I started machining "trout size" fly reels about 5 years ago.  Didn't find Hobby-Machinist until last week, so I have re-invented the wheel many times. All my work is documented in a blog, northbranchreels dot com. There are more than 200 posts in the blog, so navigate it for topics of interest by using the clickable "Categories" list on the right side of the main page.
In the blog are complete plan sets for a couple reel designs, and other plan sets can be purchased from reellinespress dot com.
Most of my work has been done with a Sherline lathe and mill, which are only marginally large enough.  This year I replaced the mill with a LMS HiTorque MiniMill.


----------



## Bill Gruby (Oct 11, 2015)

I have seen many try to build Fly Reels but only a handful get to the level yours are at.
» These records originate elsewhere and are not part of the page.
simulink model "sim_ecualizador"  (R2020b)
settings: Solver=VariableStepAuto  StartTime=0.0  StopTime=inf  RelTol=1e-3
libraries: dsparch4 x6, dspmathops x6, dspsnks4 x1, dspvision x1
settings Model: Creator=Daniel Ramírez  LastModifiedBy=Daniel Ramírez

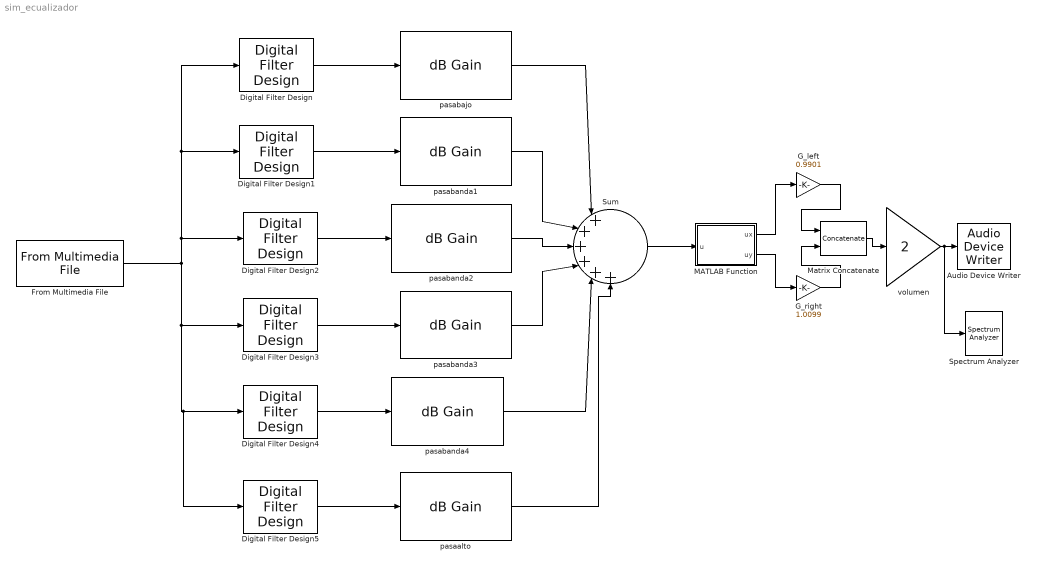
== system sim_ecualizador ==
  Audio Device Writer : dspsnks4/Audio Device Writer  Driver=DirectSound  Device=Default  InheritSampleRate=on  SampleRate=44100  BitDepth=16-bit integer  BufferSize=4096  NumBuffers=10  DefaultOutputChannelMapping=on  OutputChannelMapping=1:2  OutputNumUnderrunSamples=off  DriverIdx=1  DeviceWarnFlag=''
  Digital Filter Design{,1..5} (6 alike) : dsparch4/Digital Filter Design  mwdsp_browser_bugfix_var=off
  From Multimedia File : dspvision/From Multimedia File  inputFilename=C:\Users\Daniel Ramírez\OneDrive\Escritorio\cod_matlab2021\audio_sim.wav  readRange=[1 Inf]  loop=on  numPlays=inf  outputStreams=Audio only  videoDataType=single  audioDataType=double  inheritSampleTime=on  userDefinedSampleTime=1/30  noAudioOutput=off  isIntensityVideo=off  fourcc=RGB  colorVideoFormat=Separate color signals  outputEOF=off  dataOrg=Column-major  audioFrameSize=1024  computeAudioFrameSize=off  outSamplingMode=Sample based
  G_left : Gain  Gain=0.9901
  G_right : Gain  Gain=1.0099
  MATLAB Function : MATLAB Function  TreatAsAtomicUnit=on
  Matrix Concatenate : Concatenate  Mode=Multidimensional array  ConcatenateDimension=2
  Spectrum Analyzer : SpectrumAnalyzer
  Sum : Sum  Inputs=|++++++
  pasaalto : dspmathops/dB Gain  dB=0.5  intype=Amplitude
      settings: SourceProductBaseCode=DS
  pasabajo : dspmathops/dB Gain  dB=-15  intype=Amplitude
      settings: SourceProductBaseCode=DS
  pasabanda1 : dspmathops/dB Gain  dB=-6.8317  intype=Amplitude
      settings: SourceProductBaseCode=DS
  pasabanda2 : dspmathops/dB Gain  dB=-9.802  intype=Amplitude
      settings: SourceProductBaseCode=DS
  pasabanda3 : dspmathops/dB Gain  dB=8.4653  intype=Amplitude
      settings: SourceProductBaseCode=DS
  pasabanda4 : dspmathops/dB Gain  dB=-0.89109  intype=Amplitude
      settings: SourceProductBaseCode=DS
  volumen : Gain  Gain=2
  wires:
  Digital Filter Design5/1 -> pasaalto/1
  Digital Filter Design4/1 -> pasabanda4/1
  Digital Filter Design3/1 -> pasabanda3/1
  Digital Filter Design2/1 -> pasabanda2/1
  Digital Filter Design1/1 -> pasabanda1/1
  Digital Filter Design/1 -> pasabajo/1
  From Multimedia File/1 -> Digital Filter Design5/1, Digital Filter Design4/1, Digital Filter Design3/1, Digital Filter Design2/1, Digital Filter Design1/1, Digital Filter Design/1
  pasabajo/1 -> Sum/1
  pasabanda1/1 -> Sum/2
  pasabanda2/1 -> Sum/3
  pasabanda3/1 -> Sum/4
  pasabanda4/1 -> Sum/5
  pasaalto/1 -> Sum/6
  volumen/1 -> Spectrum Analyzer/1, Audio Device Writer/1
  Sum/1 -> MATLAB Function/1(u)
  MATLAB Function/1(ux) -> G_left/1
  MATLAB Function/2(uy) -> G_right/1
  G_left/1 -> Matrix Concatenate/1
  G_right/1 -> Matrix Concatenate/2
  Matrix Concatenate/1 -> volumen/1

== matlab function sim_ecualizador/MATLAB Function ==
  data: u input; ux output; uy output
function [ux,uy] = fcn(u)

ux = u(:,1);
uy = u(:,2);

I did a quick overview of your blog. Your machining is over the top. I loved the use of the hand held bandsaw as a cut off saw. I have to try that one. Sorry you didn't find us earlier, might have been a little easier for you. You came out on top though. Absolutely amazing work Dave.  Thank you so much for joining us and sharing your beautiful craftsmanship.

"Billy G"

 I book marked your Blog.


----------



## bpratl (Oct 11, 2015)

Very impressive looking fly reels. Those are all beyond the hobby level, nice design and machining.  Bob


----------



## drom68 (Oct 14, 2015)

Very nice and welcome to the forum.


----------



## rwm (Oct 14, 2015)

Really nice stuff! How do you find time to fish???
R


----------



## churchjw (Oct 14, 2015)

welcome to the group and nice blog and reels.


----------



## thomas s (Oct 15, 2015)

Welcome to the forum very nice work.


----------



## Firestopper (Oct 15, 2015)

Nice work man!


----------